The fediverse plumbing underneath can still be confusing, and Surf doesn’t hide from that. When you tap like on Surf, you’re really liking from your Mastodon or Bluesky account; when you reply to a post surfaced in a Surf feed, you’re actually sending a reply back into that original network, not posting into some separate Surf‑only comment thread. Add something into a Surf feed and you might, in effect, also be publishing that post out as a Mastodon update, which is powerful if you’re comfortable with the model, but also easy to forget if you’re used to siloed apps. Flipboard’s bet is that people won’t need to care which protocol does what — they’ll just see one account and one interface that happens to talk to many backends.

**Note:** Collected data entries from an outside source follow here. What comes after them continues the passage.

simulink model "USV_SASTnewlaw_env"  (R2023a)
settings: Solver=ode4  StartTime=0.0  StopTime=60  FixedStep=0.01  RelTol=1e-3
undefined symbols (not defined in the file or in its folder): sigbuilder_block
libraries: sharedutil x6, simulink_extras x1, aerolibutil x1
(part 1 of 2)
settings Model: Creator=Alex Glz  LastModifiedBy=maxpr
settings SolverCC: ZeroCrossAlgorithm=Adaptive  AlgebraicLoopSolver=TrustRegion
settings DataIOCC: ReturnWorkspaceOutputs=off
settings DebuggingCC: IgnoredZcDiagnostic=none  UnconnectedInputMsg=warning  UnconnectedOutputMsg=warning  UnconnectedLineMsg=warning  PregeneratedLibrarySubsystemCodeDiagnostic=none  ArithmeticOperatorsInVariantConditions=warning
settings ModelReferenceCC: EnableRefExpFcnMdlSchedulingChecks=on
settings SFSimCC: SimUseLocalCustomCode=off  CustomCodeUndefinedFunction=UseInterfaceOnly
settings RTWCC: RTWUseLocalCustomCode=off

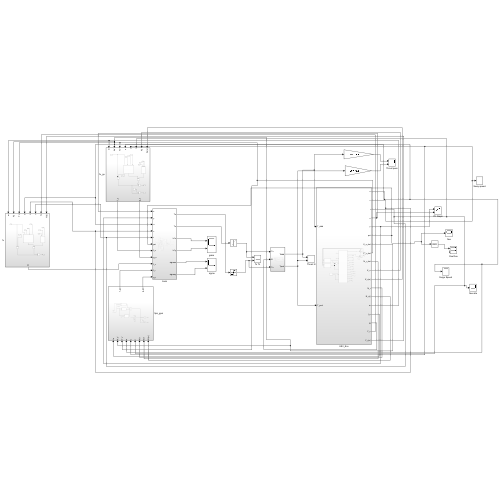
[thumbnail: Simulink's stored preview of the top-level diagram]
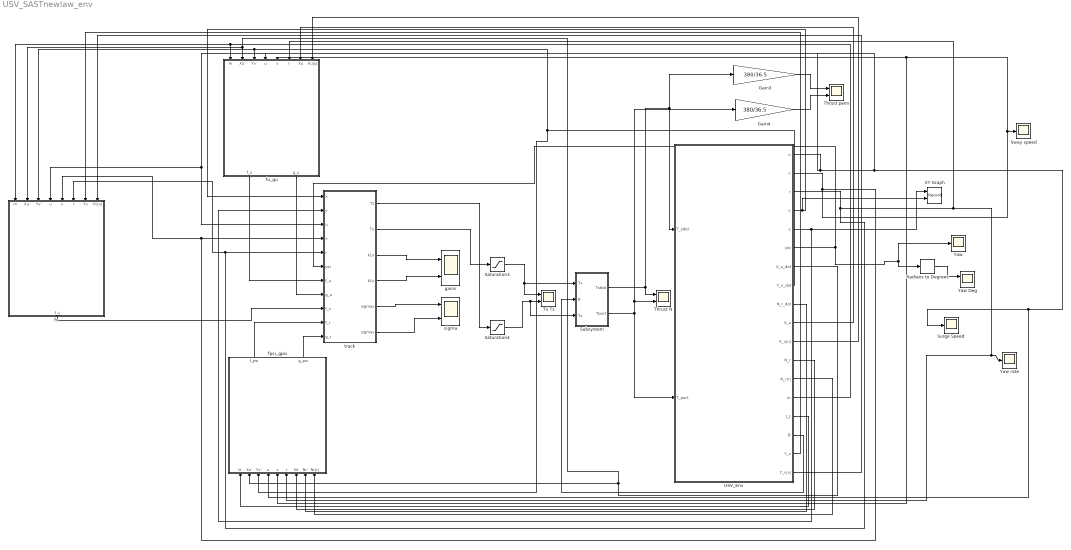
== system USV_SASTnewlaw_env ==
  Gain3 : Gain  Gain=380/36.5
  Gain4 : Gain  Gain=380/36.5
  Radians to Degrees : simulink_extras/Transformations/Radians to Degrees
  Saturation3 : Saturate  UpperLimit=64.97  LowerLimit=-64.97
  Saturation4 : Saturate  UpperLimit=13.31  LowerLimit=-13.31
  Subsystem : Subsystem
  Surge Speed : Scope
  Sway speed : Scope
  Thrust N : Scope  NumInputPorts=2
  Thrust pwm : Scope  NumInputPorts=2
  Tx Tz : Scope  NumInputPorts=2
  USV_Env : Subsystem
  XY Graph : Record  FileSettingsInternal="{\"entries\":[{\"content\":{\"excelSettings\":{\"content\":{},\"type\":\"Streamout.ExcelSettings\"}},\"type\":\"Streamout.FileSettingStorage\",\"uuid\":\"\"}],\"packageUris\":[\"http:\\/\\/schema.mathworks.com\\/mf0\\/streamout_blocks\\/R2020a\"],\"version\":\"1.0\"}"  Layout=[1 1]  SignalsInternal="{\"entries\":[{\"content\":{\"signals\":[{\"content\":{\"blockPath\":[],\"dimensions\":[1],\"domain\":\"\",\"lineColor\":\"#a2142f\",\"plots\":[1],\"port\":1,\"sid\":[\"\"],\"signalID\":306,\"signalName\":\"USV_Env:5\"},\"type\":\"RecordBlkView.Signal\",\"uuid\":\"\"},{\"content\":{\"blockPath\":[],\"dimensions\":[1],\"domain\":\"\",\"lineColor\":\"#139fff\",\"plots\":[1],\"port\":2,\"sid\":[\"\"],\"signalID\":310,\"signalName\":\"USV_Env:4\"},\"type\":\"RecordBlkView.Signal\",\"uuid\":\"\"}]},\"type\":\"RecordBlkView.InputSignals\",\"uuid\":\"\"}],\"packageUris\":[\"http:\\/\\/schema.mathworks.com\\/mf0\\/streamout_blocks\\/R2020a\"],\"version\":\"1.0\"}"  VisualizationBindings="{\"xyplotplugin\":{\"info\":[{\"series\":[{\"bindingParametersList\":[{\"parameter\":\"X-Axis\",\"signalID\":306,\"signalName\":\"USV_Env:5\"},{\"parameter\":\"Y-Axis\",\"signalID\":310,\"signalName\":\"USV_Env:4\"}],\"seriesID\":45570}],\"subplotID\":1}]}}"  CompatibilityTag=XY  st=-1
  Yaw : Scope
  Yaw Deg : Scope  NumInputPorts=2
  Yaw rate : Scope
  fpsi_gpsi : Subsystem
  fu_gu : Subsystem
  fv : Subsystem
  gains : Scope  NumInputPorts=2
  sigma : Scope  NumInputPorts=2
  track : Subsystem
  wires:
  Gain4/1 -> Thrust pwm/2
  Gain3/1 -> Thrust pwm/1
  USV_Env/16(B) -> Subsystem/2(B)
  USV_Env/14(m) -> fv/1(m), fu_gu/1(m)
  USV_Env/7(X_u_dot) -> fv/2(Xu'), fu_gu/2(Xu'), fpsi_gpsi/2(Xu')
  USV_Env/8(Y_v_dot) -> fpsi_gpsi/3(Yv'), fv/3(Yv'), fu_gu/3(Yv')
  USV_Env/1(u) -> fpsi_gpsi/4(u), Surge Speed/1, fu_gu/4(u), track/3(u), fv/4(u)
  USV_Env/2(v) -> fpsi_gpsi/5(v), fu_gu/5(v), Sway speed/1, fv/5(v), track/4(v)
  USV_Env/3(r) -> fv/6(r), track/5(r), fpsi_gpsi/6(r), Yaw rate/1, fu_gu/6(r)
  USV_Env/10(X_u) -> fu_gu/7(Xu)
  USV_Env/11(X_u|u|) -> fu_gu/8(Xu|u|)
  USV_Env/15(I_z) -> fpsi_gpsi/1(Iz)
  USV_Env/12(N_r) -> fpsi_gpsi/7(Nr)
  USV_Env/9(N_r_dot) -> fpsi_gpsi/8(Nr')
  USV_Env/5(y) -> track/2(y), XY Graph/1
  USV_Env/4(x) -> track/1(x), XY Graph/2
  Radians to Degrees/1 -> Yaw Deg/1
  USV_Env/6(psi) -> Yaw/1, Radians to Degrees/1, track/6(psi)
  Saturation4/1 -> Subsystem/3(Tz), Tx Tz/2
  Saturation3/1 -> Subsystem/1(Tx), Tx Tz/1
  Subsystem/2(Tport) -> USV_Env/2(T_port), Thrust N/2, Gain4/1
  Subsystem/1(Tstbd) -> Thrust N/1, USV_Env/1(T_stbd), Gain3/1
  USV_Env/13(N_r|r|) -> fpsi_gpsi/9(Nr|r|)
  track/3(k1x) -> gains/1
  track/4(k1y) -> gains/2
  track/5(sigmax) -> sigma/1
  track/6(sigmay) -> sigma/2
  track/2(Tx) -> Saturation3/1
  track/1(Tz) -> Saturation4/1
  fpsi_gpsi/1(f_psi) -> track/10(f_r)
  fpsi_gpsi/2(g_psi) -> track/11(g_r)
  fu_gu/1(f_u) -> track/7(f_u)
  fu_gu/2(g_u) -> track/8(g_u)
  USV_Env/17(Y_v) -> fv/7(Yv)
  USV_Env/18(Y_v|v|) -> fv/8(Yv|v|)
  fv/1(f_v) -> track/9(f_v)

== system USV_SASTnewlaw_env/Subsystem ==
  Tx : Inport
  B : Inport  Port=2
  Tz : Inport  Port=3
  Gain : Gain  Gain=1/2
  Gain1 : Gain  Gain=1/2
  Product : Product  Inputs=*/
  Product1 : Product  Inputs=*/
  Saturation1 : Saturate  UpperLimit=36.5  LowerLimit=-30
  Saturation2 : Saturate  UpperLimit=36.5  LowerLimit=-30
  Sum : Sum
  Sum1 : Sum  Inputs=+-
  Tstbd : Outport  VectorParamsAs1DForOutWhenUnconnected=off
  Tport : Outport  Port=2  VectorParamsAs1DForOutWhenUnconnected=off
  wires:
  Sum1/1 -> Saturation2/1
  Gain/1 -> Sum/1
  Sum/1 -> Saturation1/1
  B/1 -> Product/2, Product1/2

For creators, Surf is pitched as a way to finally own a social destination without having to convince everyone to abandon their existing accounts. Because Surf is wired into the open social web, a social website can aggregate posts from Bluesky, Mastodon, Threads, YouTube, podcast platforms, blogs, and classic RSS feeds, all while keeping the underlying content in those original networks. You can connect multiple profiles, set a custom domain (Flipboard supports up to five per user), and turn what used to be scattered links across platforms into a single “home base” that still benefits from discovery on those external platforms.
There’s also a philosophical angle that makes Surf feel timely. Over the last few years, Flipboard has leaned aggressively into the fediverse, adopting ActivityPub and framing the future of social as a network of interoperable services rather than mega‑apps that own your identity, feed, and audience. Surf follows that line to its logical conclusion: even if Surf vanished, the content and the connections it surfaces on Mastodon, Bluesky, Threads, and the broader web would still exist, which is a very different promise from the “if the app dies, your community dies with it” reality of most social platforms.
Of course, the big question is whether ordinary users will care enough to switch habits. Early testers describe Surf as “Flipboard, but wired into open social networks,” which is both a compliment and a reminder that Flipboard has always appealed most to people who like to curate, not just consume. Still, if you’re tired of juggling half a dozen apps just to keep up with news, creators, and communities — or if you’ve been curious about the fediverse but overwhelmed by where to start — Surf tries to wrap all of that into a single, customizable, surprisingly chill feed.